The principal’s assets will be distributed among the named beneficiaries of the will only after the debts are paid. You should note that if any relative inherits assets like a car or house with a loan/mortgage, the debt is carried forward to them.

Suppose the principal’s assets are insufficient and cannot pay all creditors. The estate is usually split up among the creditors. In these cases, the secured creditors get priority.

Can a power of attorney get me into debt?

If you use POA against the contract, you could get into debt. Cases of POA fraud, which are common, or abuse of power that results in debt are your responsibility. So, while it can feel like a privilege to be an agent, it comes with a serious duty to observe the law.

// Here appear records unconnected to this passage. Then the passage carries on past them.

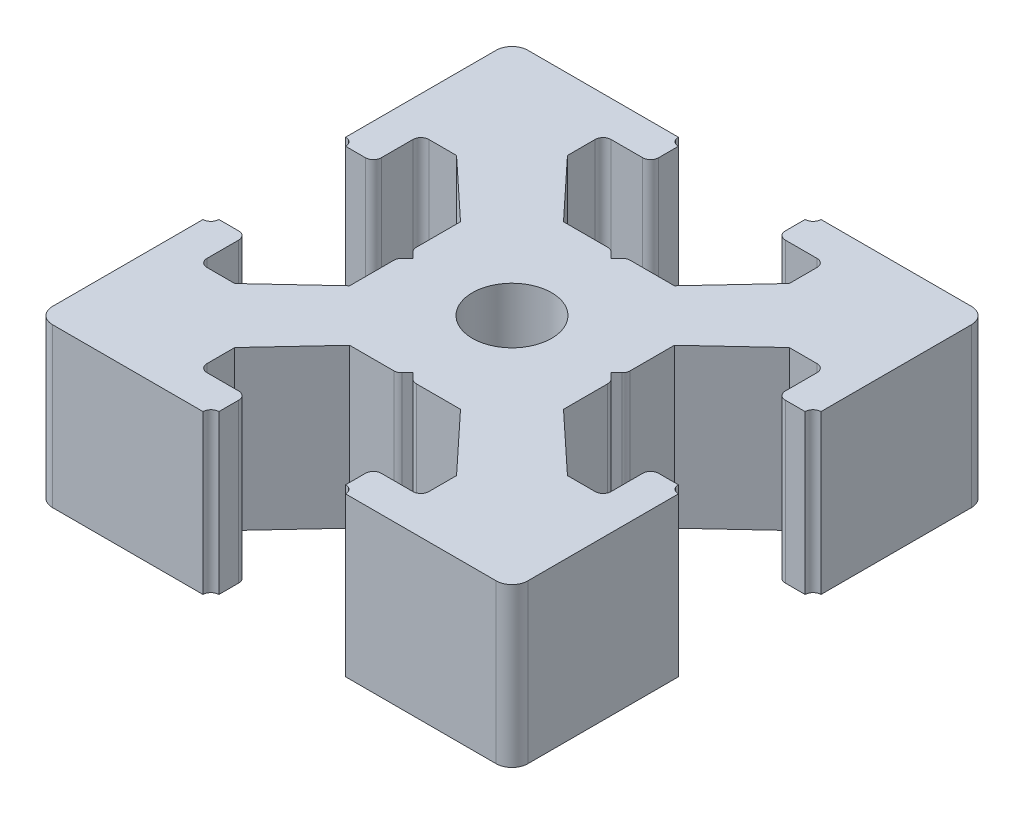
from build123d import *

# Parameters (mm, degrees)
BOSS_EXTRUDE1_DEPTH = 10
FILLET1_R           = 1
SKETCH4_R           = 2.5
CUT_EXTRUDE1_DEPTH  = 11
FILLET2_R           = 0.5


with BuildPart() as part:
    # Sketch3 → Boss-Extrude1 (new body)
    with BuildSketch(Plane(origin=(0, 0, 0), x_dir=(1, 0, 0), z_dir=(0, 1, 0))):
        with BuildLine():
            Line((11, 27.75), (11, 29.5))
            ThreePointArc((11, 29.5), (10.646446609, 29.646446609), (10.5, 30))
            Line((10.5, 30), (0, 30))
            Line((0, 30), (0, 19.5))
            ThreePointArc((0, 19.5), (0.353553391, 19.353553391), (0.5, 19))
            Line((0.5, 19), (2.25, 19))
            Line((2.25, 19), (2.25, 22))
            Line((2.25, 22), (4.5, 22))
            Line((4.5, 22), (8.25, 18.5))
            Line((8.25, 18.5), (8.25, 15.5))
            Line((8.25, 15.5), (8.75, 15))
            Line((8.75, 15), (8.25, 14.5))
            Line((8.25, 14.5), (8.25, 11.5))
            Line((8.25, 11.5), (4.5, 8))
            Line((4.5, 8), (2.25, 8))
            Line((2.25, 8), (2.25, 11))
            Line((2.25, 11), (0.5, 11))
            ThreePointArc((0.5, 11), (0.353553391, 10.646446609), (0, 10.5))
            Line((0, 10.5), (0, 0))
            Line((0, 0), (10.5, 0))
            ThreePointArc((10.5, 0), (10.646446609, 0.353553391), (11, 0.5))
            Line((11, 0.5), (11, 2.25))
            Line((11, 2.25), (8, 2.25))
            Line((8, 2.25), (8, 4.5))
            Line((8, 4.5), (11.5, 8.25))
            Line((11.5, 8.25), (14.5, 8.25))
            Line((14.5, 8.25), (15, 8.75))
            Line((15, 8.75), (15.5, 8.25))
            Line((15.5, 8.25), (18.5, 8.25))
            Line((18.5, 8.25), (22, 4.5))
            Line((22, 4.5), (22, 2.25))
            Line((22, 2.25), (19, 2.25))
            Line((19, 2.25), (19, 0.5))
            ThreePointArc((19, 0.5), (19.353553391, 0.353553391), (19.5, 0))
            Line((19.5, 0), (30, 0))
            Line((30, 0), (30, 10.5))
            ThreePointArc((30, 10.5), (29.646446609, 10.646446609), (29.5, 11))
            Line((29.5, 11), (27.75, 11))
            Line((27.75, 11), (27.75, 8))
            Line((27.75, 8), (25.5, 8))
            Line((25.5, 8), (21.75, 11.5))
            Line((21.75, 11.5), (21.75, 14.5))
            Line((21.75, 14.5), (21.25, 15))
            Line((21.25, 15), (21.75, 15.5))
            Line((21.75, 15.5), (21.75, 18.5))
            Line((21.75, 18.5), (25.5, 22))
            Line((25.5, 22), (27.75, 22))
            Line((27.75, 22), (27.75, 19))
            Line((27.75, 19), (29.5, 19))
            ThreePointArc((29.5, 19), (29.646446609, 19.353553391), (30, 19.5))
            Line((30, 19.5), (30, 30))
            Line((30, 30), (19.5, 30))
            ThreePointArc((19.5, 30), (19.353553391, 29.646446609), (19, 29.5))
            Line((19, 29.5), (19, 27.75))
            Line((19, 27.75), (22, 27.75))
            Line((22, 27.75), (22, 25.5))
            Line((22, 25.5), (18.5, 21.75))
            Line((18.5, 21.75), (15.5, 21.75))
            Line((15.5, 21.75), (15, 21.25))
            Line((15, 21.25), (14.5, 21.75))
            Line((14.5, 21.75), (11.5, 21.75))
            Line((11.5, 21.75), (8, 25.5))
            Line((8, 25.5), (8, 27.75))
            Line((8, 27.75), (11, 27.75))
        make_face()
    extrude(amount=BOSS_EXTRUDE1_DEPTH)

    # Fillet1
    fillet1_edges = [part.edges().sort_by_distance(p)[0] for p in [
        (30, 5, 0),
        (0, 5, 0),
        (0, 5, -30),
        (30, 5, -30),
    ]]
    fillet(fillet1_edges, radius=FILLET1_R)

    # Sketch4 → Cut-Extrude1 (cut, through all)
    with BuildSketch(Plane(origin=(0, 10, 0), x_dir=(1, 0, 0), z_dir=(0, 1, 0))):
        with Locations((15, 15)):
            Circle(SKETCH4_R)
    extrude(amount=-CUT_EXTRUDE1_DEPTH, mode=Mode.SUBTRACT)

    # Fillet2
    fillet2_edges = [part.edges().sort_by_distance(p)[0] for p in [
        (27.75, 5, -19),
        (27.75, 5, -22),
        (21.75, 5, -15.5),
        (21.75, 5, -14.5),
        (27.75, 5, -8),
        (27.75, 5, -11),
        (19, 5, -2.25),
        (22, 5, -2.25),
        (15.5, 5, -8.25),
        (14.5, 5, -8.25),
        (8, 5, -2.25),
        (11, 5, -2.25),
        (2.25, 5, -11),
        (2.25, 5, -8),
        (8.25, 5, -14.5),
        (8.25, 5, -15.5),
        (2.25, 5, -22),
        (2.25, 5, -19),
        (11, 5, -27.75),
        (8, 5, -27.75),
        (14.5, 5, -21.75),
        (15.5, 5, -21.75),
        (22, 5, -27.75),
        (19, 5, -27.75),
    ]]
    fillet(fillet2_edges, radius=FILLET2_R)


solid = part.part

Is a POA under obligation if there is debt collection?

Acting in the principal’s best interest includes using their money to pay any debts they may have. So, if they can afford to pay, you must disburse payments to the respective lenders (if the contract allows you). If you unreasonably refuse to pay such debts, their accounts may go into collection, which could ruin their credit.

On the other hand, the law does not require you to pay for the principal’s debt out of pocket, and no creditor or debt collector should harass you on their behalf. You have a right to dispute the account a collection agency is imposing on you. The Debt Validation Letter is your first line of defense. Because they won’t be able to prove the debt is yours, they have to stop contacting you about it.

Some unscrupulous debt collectors may even take you to court. Whatever you do, don’t ignore the Summons. You should respond immediately by filing a written Answer with the court. Once they get an Answer, most debt collectors will dismiss the court case.

Remember, you are not personally responsible for paying a deceased person’s debt. That should be transferred to their estate. And the executor (not you) should take over the distribution of any assets and money.

So, is POA responsible for debt?

No. The principal’s debt is not your responsibility. Still, managing someone else’s money is not a light task. But you can succeed in putting the principal’s best interest first if you understand your role. When debt collectors try taking undue advantage of the POA, stick it to them with a Debt Validation Letter and respond to all debt lawsuits with an Answer document.